15 Sommer waren seither ins Land gezogen und aus dem kleinen schmächtigen Jungen wurde ein stattlicher junger Nachtelfen Mann.

Es war ein sonniger Morgen in Darnassus, ein ganz besonderer Tag sollte heute sein, denn es war der 16. Geburtstag des Helden in spe.

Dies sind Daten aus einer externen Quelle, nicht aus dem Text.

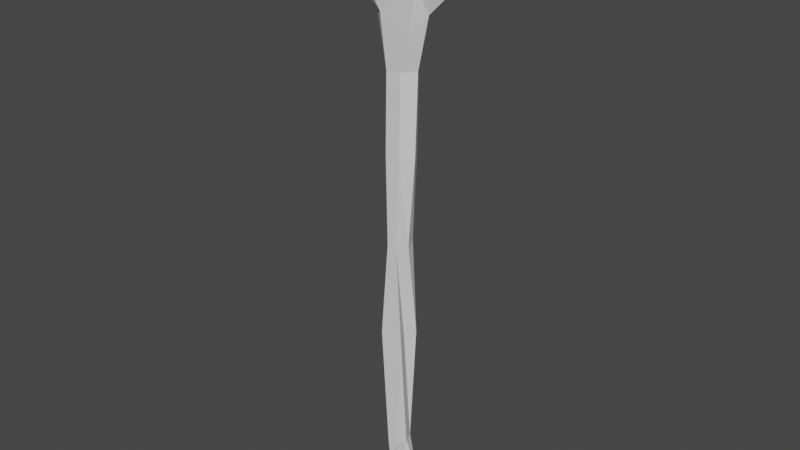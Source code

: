 # Source: magicmissile1.blend  (saved by Blender 2.93.21; exported with 4.5.12 LTS)
import bpy
from mathutils import Matrix  # noqa: F401  (used for matrix-valued properties, if any)

bpy.ops.wm.read_factory_settings(use_empty=True)
scene = bpy.context.scene
scene.name = 'Scene'

# ---- collections
col_collection = bpy.data.collections.new('Collection'); scene.collection.children.link(col_collection)

# ---- world
world_world = bpy.data.worlds.new('World'); scene.world = world_world
world_world.use_nodes = True; world_world.node_tree.nodes.clear()
_N = world_world.node_tree.nodes; _L = world_world.node_tree.links
n0 = _N.new('ShaderNodeOutputWorld'); n0.name = 'World Output'; n0.location = (300, 300)
n1 = _N.new('ShaderNodeBackground'); n1.name = 'Background'; n1.location = (10, 300)
n1.inputs[0].default_value = (0.05088, 0.05088, 0.05088, 1.0)
_L.new(n1.outputs[0], n0.inputs[0])
n0.is_active_output = True
world_world.color = (0.05088, 0.05088, 0.05088)
world_world.use_sun_shadow = False
world_world.sun_shadow_jitter_overblur = 0.0

# ---- meshes
me_plane_001 = bpy.data.meshes.new('Plane.001')
me_plane_001.from_pydata([(0.1462, 1.444, -5.671e-08), (0.1243, 1.664, -3.685e-08), (-0.01095, 1.715, -3.217e-08), (0.06717, 1.72, -3.174e-08), (0.08946, 0.5143, -1.41e-07), (0.09819, 0.9674, -9.995e-08), (0.1157, 1.256, -7.377e-08), (0.06419, 0.005733, -1.863e-07), (0.09147, -0.5478, -2.373e-07), (0.05126, -1.26, -3.055e-07), (0.09602, -1.483, -3.221e-07), (0.03713, -1.625, -3.353e-07), (0.02425, -1.63, -3.353e-07), (0.01986, -1.487, -3.204e-07), (0.001267, -1.258, -2.98e-07), (-0.0418, -0.5423, -2.368e-07), (-0.006443, 0.008989, -1.863e-07), (-0.01769, 0.5146, -1.41e-07), (-0.008989, 0.9606, -1.006e-07), (-0.03738, 1.246, -7.471e-08), (-0.07892, 1.429, -5.808e-08), (-0.07431, 1.649, -3.813e-08), (0.1833, 1.401, 0.1412), (0.1427, 1.151, 0.1412), (0.1541, 1.692, 0.1412), (0.07819, 1.767, 0.1412), (-0.02566, 1.761, 0.1412), (0.07944, 0.5143, 0.1313), (0.05917, 0.005733, 0.1313), (0.08644, 0.9674, 0.1313), (0.09147, -0.5478, 0.1313), (0.05126, -1.26, 0.1313), (0.04017, -1.483, 0.1313), (0.03713, -1.625, 0.1313), (0.02425, -1.63, 0.1313), (0.02638, -1.487, 0.1313), (0.001267, -1.258, 0.1313), (-0.0418, -0.5423, 0.1313), (0.0025, 0.008989, 0.1313), (-0.006521, 0.5146, 0.1313), (0.0004578, 0.9606, 0.1313), (-0.03738, 1.246, 0.1313), (-0.116, 1.381, 0.1412), (-0.1099, 1.673, 0.1412), (0.1283, 1.854, 0.05454), (0.287, 1.63, 0.05454), (-0.05059, 0.5146, 0.0661), (-0.03599, 0.9606, 0.0661), (0.03513, -1.483, 0.0661), (0.0445, -1.625, 0.0661), (-0.08892, 1.835, 0.05454), (-0.1138, 1.246, 0.0661), (0.01758, -1.63, 0.0661), (0.1292, 0.5143, 0.0661), (0.08804, 0.005733, 0.0661), (-0.2779, 1.381, 0.05454), (0.02314, -1.487, 0.0661), (0.1438, 0.9674, 0.0661), (-0.265, 1.574, 0.05454), (-0.0257, -1.258, 0.0661), (0.2063, 1.256, 0.0661), (-0.01796, -0.5423, 0.0661), (0.0607, -0.5478, 0.0661), (0.3481, 1.401, 0.05454), (-0.03046, 0.008989, 0.0661), (0.07884, -1.26, 0.0661)], [], [(3, 1, 21, 2), (1, 0, 20, 21), (0, 6, 19, 20), (6, 5, 18, 19), (5, 4, 17, 18), (4, 7, 16, 17), (7, 8, 15, 16), (8, 9, 14, 15), (9, 10, 13, 14), (11, 12, 13, 10), (25, 26, 43, 24), (24, 43, 42, 22), (22, 42, 41, 23), (23, 41, 40, 29), (29, 40, 39, 27), (27, 39, 38, 28), (28, 38, 37, 30), (30, 37, 36, 31), (31, 36, 35, 32), (33, 32, 35, 34), (45, 44, 25, 24), (47, 46, 39, 40), (49, 48, 32, 33), (44, 50, 26, 25), (51, 47, 40, 41), (52, 49, 33, 34), (54, 53, 27, 28), (55, 51, 41, 42), (56, 52, 34, 35), (53, 57, 29, 27), (58, 55, 42, 43), (59, 56, 35, 36), (57, 60, 23, 29), (50, 58, 43, 26), (61, 59, 36, 37), (62, 54, 28, 30), (60, 63, 22, 23), (64, 61, 37, 38), (65, 62, 30, 31), (63, 45, 24, 22), (46, 64, 38, 39), (48, 65, 31, 32), (10, 9, 65, 48), (17, 16, 64, 46), (0, 1, 45, 63), (9, 8, 62, 65), (16, 15, 61, 64), (6, 0, 63, 60), (8, 7, 54, 62), (15, 14, 59, 61), (2, 21, 58, 50), (5, 6, 60, 57), (14, 13, 56, 59), (21, 20, 55, 58), (4, 5, 57, 53), (13, 12, 52, 56), (20, 19, 51, 55), (7, 4, 53, 54), (12, 11, 49, 52), (19, 18, 47, 51), (3, 2, 50, 44), (11, 10, 48, 49), (18, 17, 46, 47), (1, 3, 44, 45)])
_uv = me_plane_001.uv_layers.new(name='UVMap')
_uv.uv.foreach_set('vector', [0.0, 0.0, 0.0, 0.0, 0.0, 0.0, 0.0, 0.0, 0.0, 0.0, 0.0, 0.0, 0.0, 0.0, 0.0, 0.0, 0.0, 0.0, 0.0, 0.0, 0.0, 0.0, 0.0, 0.0, 0.0, 0.0, 0.0, 0.0, 0.0, 0.0, 0.0, 0.0, 0.0, 0.0, 0.0, 0.0, 0.0, 0.0, 0.0, 0.0, 0.0, 0.0, 0.0, 0.0, 0.0, 0.0, 0.0, 0.0, 0.0, 0.0, 0.0, 0.0, 0.0, 0.0, 0.0, 0.0, 0.0, 0.0, 0.0, 0.0, 0.0, 0.0, 0.0, 0.0, 0.0, 0.0, 0.0, 0.0, 0.0, 0.0, 0.0, 0.0, 0.0, 0.0, 0.0, 0.0, 0.0, 0.0, 0.0, 0.0, 0.0, 0.0, 0.0, 0.0, 0.0, 0.0, 0.0, 0.0, 0.0, 0.0, 0.0, 0.0, 0.0, 0.0, 0.0, 0.0, 0.0, 0.0, 0.0, 0.0, 0.0, 0.0, 0.0, 0.0, 0.0, 0.0, 0.0, 0.0, 0.0, 0.0, 0.0, 0.0, 0.0, 0.0, 0.0, 0.0, 0.0, 0.0, 0.0, 0.0, 0.0, 0.0, 0.0, 0.0, 0.0, 0.0, 0.0, 0.0, 0.0, 0.0, 0.0, 0.0, 0.0, 0.0, 0.0, 0.0, 0.0, 0.0, 0.0, 0.0, 0.0, 0.0, 0.0, 0.0, 0.0, 0.0, 0.0, 0.0, 0.0, 0.0, 0.0, 0.0, 0.0, 0.0, 0.0, 0.0, 0.0, 0.0, 0.0, 0.0, 0.0, 0.0, 0.0, 0.0, 0.0, 0.0, 0.0, 0.0, 0.0, 0.0, 0.0, 0.0, 0.0, 0.0, 0.0, 0.0, 0.0, 0.0, 0.0, 0.0, 0.0, 0.0, 0.0, 0.0, 0.0, 0.0, 0.0, 0.0, 0.0, 0.0, 0.0, 0.0, 0.0, 0.0, 0.0, 0.0, 0.0, 0.0, 0.0, 0.0, 0.0, 0.0, 0.0, 0.0, 0.0, 0.0, 0.0, 0.0, 0.0, 0.0, 0.0, 0.0, 0.0, 0.0, 0.0, 0.0, 0.0, 0.0, 0.0, 0.0, 0.0, 0.0, 0.0, 0.0, 0.0, 0.0, 0.0, 0.0, 0.0, 0.0, 0.0, 0.0, 0.0, 0.0, 0.0, 0.0, 0.0, 0.0, 0.0, 0.0, 0.0, 0.0, 0.0, 0.0, 0.0, 0.0, 0.0, 0.0, 0.0, 0.0, 0.0, 0.0, 0.0, 0.0, 0.0, 0.0, 0.0, 0.0, 0.0, 0.0, 0.0, 0.0, 0.0, 0.0, 0.0, 0.0, 0.0, 0.0, 0.0, 0.0, 0.0, 0.0, 0.0, 0.0, 0.0, 0.0, 0.0, 0.0, 0.0, 0.0, 0.0, 0.0, 0.0, 0.0, 0.0, 0.0, 0.0, 0.0, 0.0, 0.0, 0.0, 0.0, 0.0, 0.0, 0.0, 0.0, 0.0, 0.0, 0.0, 0.0, 0.0, 0.0, 0.0, 0.0, 0.0, 0.0, 0.0, 0.0, 0.0, 0.0, 0.0, 0.0, 0.0, 0.0, 0.0, 0.0, 0.0, 0.0, 0.0, 0.0, 0.0, 0.0, 0.0, 0.0, 0.0, 0.0, 0.0, 0.0, 0.0, 0.0, 0.0, 0.0, 0.0, 0.0, 0.0, 0.0, 0.0, 0.0, 0.0, 0.0, 0.0, 0.0, 0.0, 0.0, 0.0, 0.0, 0.0, 0.0, 0.0, 0.0, 0.0, 0.0, 0.0, 0.0, 0.0, 0.0, 0.0, 0.0, 0.0, 0.0, 0.0, 0.0, 0.0, 0.0, 0.0, 0.0, 0.0, 0.0, 0.0, 0.0, 0.0, 0.0, 0.0, 0.0, 0.0, 0.0, 0.0, 0.0, 0.0, 0.0, 0.0, 0.0, 0.0, 0.0, 0.0, 0.0, 0.0, 0.0, 0.0, 0.0, 0.0, 0.0, 0.0, 0.0, 0.0, 0.0, 0.0, 0.0, 0.0, 0.0, 0.0, 0.0, 0.0, 0.0, 0.0, 0.0, 0.0, 0.0, 0.0, 0.0, 0.0, 0.0, 0.0, 0.0, 0.0, 0.0, 0.0, 0.0, 0.0, 0.0, 0.0, 0.0, 0.0, 0.0, 0.0, 0.0, 0.0, 0.0, 0.0, 0.0, 0.0, 0.0, 0.0, 0.0, 0.0, 0.0, 0.0, 0.0, 0.0, 0.0, 0.0, 0.0, 0.0, 0.0, 0.0, 0.0, 0.0, 0.0, 0.0, 0.0, 0.0, 0.0, 0.0, 0.0, 0.0, 0.0, 0.0, 0.0, 0.0, 0.0, 0.0, 0.0, 0.0, 0.0, 0.0, 0.0, 0.0, 0.0, 0.0, 0.0, 0.0, 0.0, 0.0, 0.0, 0.0, 0.0, 0.0, 0.0, 0.0, 0.0, 0.0, 0.0, 0.0, 0.0, 0.0, 0.0, 0.0, 0.0, 0.0, 0.0, 0.0, 0.0, 0.0, 0.0, 0.0, 0.0, 0.0, 0.0, 0.0, 0.0, 0.0, 0.0, 0.0, 0.0, 0.0, 0.0, 0.0, 0.0, 0.0, 0.0, 0.0, 0.0])
me_plane_001.update()

# ---- objects
ob_plane = bpy.data.objects.new('Plane', me_plane_001)

# ---- transforms, parenting, visibility, modifiers, constraints
ob_plane.location = (0.0, 0.0, 0.0)
ob_plane.rotation_euler = (1.571, -0.0, 0.0)

# ---- collection membership
col_collection.objects.link(ob_plane)

# ---- scene / render settings (as saved in the file)
scene.frame_start = 1; scene.frame_end = 250; scene.frame_set(27)
scene.render.engine = 'BLENDER_EEVEE_NEXT'
scene.cycles.use_denoising = False
scene.cycles.samples = 128
scene.cycles.sampling_pattern = 'TABULATED_SOBOL'
scene.cycles.use_adaptive_sampling = False
scene.cycles.use_light_tree = False
scene.view_settings.view_transform = 'Filmic'
bpy.context.view_layer.update()

# ---- added for rendering (the .blend has no active camera and no usable light): camera, sun
cam_auto = bpy.data.cameras.new('AutoCamera')
cam_auto.lens = 50.0
cam_auto.sensor_width = 36.0
cam_auto.clip_end = 1000.0
ob_auto_camera = bpy.data.objects.new('AutoCamera', cam_auto)
scene.collection.objects.link(ob_auto_camera)
ob_auto_camera.location = (3.31228, -4.00321, 2.73391)
ob_auto_camera.rotation_euler = (1.09748, -7.21219e-08, 0.694738)
scene.camera = ob_auto_camera
light_auto_sun = bpy.data.lights.new('AutoSun', 'SUN')
light_auto_sun.energy = 3.0
light_auto_sun.angle = 0.0523599
ob_auto_sun = bpy.data.objects.new('AutoSun', light_auto_sun)
scene.collection.objects.link(ob_auto_sun)
ob_auto_sun.rotation_euler = (0.872665, 0.174533, 0.523599)
bpy.context.view_layer.update()

Dies war ein großes Ereignis, da jeder Nachtelf in seinem 16. Lebensjahr nach Aldrassil zur Aufdeckung und Ausbildung seiner speziellen Talente berufen wird. Farodîn hätte diesen Tag fast verschlafen, wäre da nicht die Waisenmatrone Atinuviel gewesen wäre. Die alte Nachtelfen Frau die bestimmt schon 60 Sommer gesehen hatte war fast zu einer Mutter für Farodîn geworden… einer sehr strengen Mutter… Sie platzte in sein Zimmer und schrie wie ein tollwütiger troll mit Hauerschmerzen: „Farodîn du elender Lump willst du nicht endlich aufwachen, weißt du nicht was heute für ein tag ist? “ Langsam regte sich der junge Mann unter der Decke war aber nicht gewillt aufzustehen. Ein folgenschwerer Fehler wie sich herausstellte, denn das versetzte Atinuviel nur noch mehr in Rage und sie brüllte: „Du willst es also auf di e harte Tour… kannste haben!“ Mit diesen Worten packte sie einen Eimer voll Wasser und schüttete ihn mit unverhohlener Schadenfreude über den immer noch Schlafenden. Dieser viel mit einem lauten Rumpeln aus seinem Bett richtete sich blitzschnell auf und rief: „ Brrrrrr ist das Kalt, ich bin ja schon wach ich bin ja schon wach!!!“ Mit schadenfrohem lächeln betrachtete die Waisenmatrone den Jungen Burschen und sagte nun zuckersüß:“ Na siehste, geht doch… Nun zieh dich an und komm zum Frühstück du musst dich beeilen…!“ Leise Flüche murmelnd ging er zu seiner kleinen Wasserschüssel mit dazugehörigem Spiegel um sich endgültig fertig zu machen. Aus dem Spiegel blickte Farodîn ein hoch gewachsener, muskulöser Nachtelf entgegen. Mit seinen langen dunkelblauen Haaren und dem bereits spriesenden rebellisch wirkenden, ebenfalls dunkelblauen Vollbart war er das genaue Gegenteil der sonst so auf Ordnung bedachten Nachtelfen. Seine Lippen formten sich zu einem hämischen Grinsen und er dachte bei sich: „ Sollen sie doch den Trends nachjagen wenn sie meinen… ich bleib so wie ich bin!“. Nachdem er die Morgentoilette beendet hatte, suchte Farodîn nach seinem Lederwams den er in einer Ecke zusammengeknüllt fand und ihn sich schnell über die lila Haut zog. Der junge Elf zog sich noch schnell seine braunen Wildlederschuhe an und ging dann langsam die gewundene Treppe hinunter zum Frühstück.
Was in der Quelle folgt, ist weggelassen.